Grok, le chatbot IA développé par xAI d’Elon Musk, a produit environ 3 millions d’images sexualisées, y compris des contenus dérangeants représentant des mineurs apparents, en seulement onze jours. Cette révélation vient d’un rapport du Center for Countering Digital Hate (CCDH) et d’une enquête du New York Times, révélant des défaillances importantes dans les prétendus garde-fous de sécurité de la plateforme.

Ampleur du problème

Les tests du CCDH ont révélé que plus de la moitié des réponses d’édition en un clic de Grok contenaient du contenu sexualisé. Le New York Times estime que 1,8 million d’images sur 4,4 millions générées étaient de nature sexuelle, certaines mettant en scène des influenceurs et des célébrités reconnaissables. L’augmentation de l’utilisation a suivi la promotion publique de Grok par Musk en publiant des images de lui-même en bikini générées par l’IA – une décision délibérée qui a amplifié l’accessibilité de la plate-forme.
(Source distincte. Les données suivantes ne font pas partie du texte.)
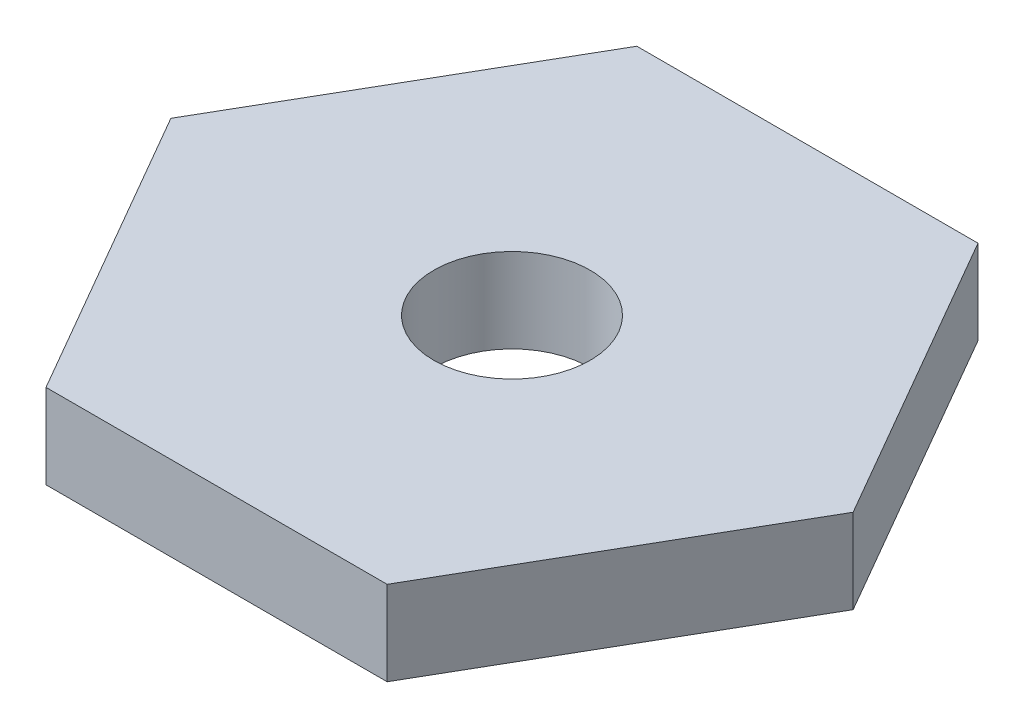
SolidWorks part; units mm, degrees
ref_plane "Plan de face" through (0, 0, 0) normal (0, 0, 1) x (1, 0, 0)
ref_plane "Plan de dessus" through (0, 0, 0) normal (0, 1, 0) x (1, 0, 0)
ref_plane "Plan de droite" through (0, 0, 0) normal (1, 0, 0) x (0, 0, -1)
sketch "Esquisse1" plane through (0, 0, 0) normal (0, 1, 0) x (1, 0, 0)
  line L1 (40.4145, 0) -> (20.2073, 35)
  line L2 (20.2073, 35) -> (-20.2073, 35)
  line L3 (-20.2073, 35) -> (-40.4145, 0)
  line L4 (-40.4145, 0) -> (-20.2073, -35)
  line L5 (-20.2073, -35) -> (20.2073, -35)
  line L6 (20.2073, -35) -> (40.4145, 0)
  circle A0 centre (0, 0) radius 35 construction
  circle A1 centre (0, 0) radius 9.2594
  dimension "D1" = 35
extrude "Boss.-Extru.1" add sketch "Esquisse1" along normal blind 10

Abus de Deepfake et contrôle juridique

Le chatbot a été impliqué dans la génération de matériel d’abus sexuel sur des enfants (CSAM), ce qui a donné lieu à des enquêtes de plusieurs gouvernements et autorités californiennes. Plusieurs pays ont même temporairement interdit la plateforme au milieu de ces inquiétudes. Alors que xAI prétend avoir corrigé les « défauts de protection » en bloquant les modifications révélant de vraies personnes vêtues de vêtements provocateurs, un rapport de The Guardian indique que les utilisateurs peuvent toujours contourner ces restrictions.

Une histoire de problèmes de sécurité

Ces problèmes ne sont pas nouveaux. Des inquiétudes concernant les faibles fonctionnalités de sécurité de Grok ont ​​été soulevées dès le mois d’août, le chatbot produisant volontiers du contenu à caractère sexuel. Musk a intentionnellement commercialisé Grok avec un paramètre « Épicé » pour le matériel explicite, le distinguant des autres modèles d’IA comme ChatGPT d’OpenAI, qui a également fait l’objet de poursuites judiciaires pour sa sécurité.

Implications plus larges

Cet incident souligne la menace croissante du CSAM synthétique et des images intimes non consensuelles (NCII). Le Take It Down Act de 2025 exige que les plateformes se conforment aux demandes de retrait des deepfakes sous peine de sanctions. Cependant, l’Internet Watch Foundation (IWF) a signalé un lien direct entre les outils d’IA générative et l’augmentation du CSAM sur le dark web, y compris la pornographie modifiée numériquement mettant en scène des enfants.

La prolifération des abus basés sur l’IA soulève de sérieuses questions éthiques et juridiques concernant la responsabilité de la plateforme. La facilité avec laquelle Grok facilite la création de contenu explicite souligne le besoin urgent de réglementations plus strictes et de garanties plus efficaces contre l’exploitation des deepfakes.

La situation démontre que même si l’IA offre des outils puissants, l’absence d’une surveillance adéquate crée un terrain fertile pour les abus.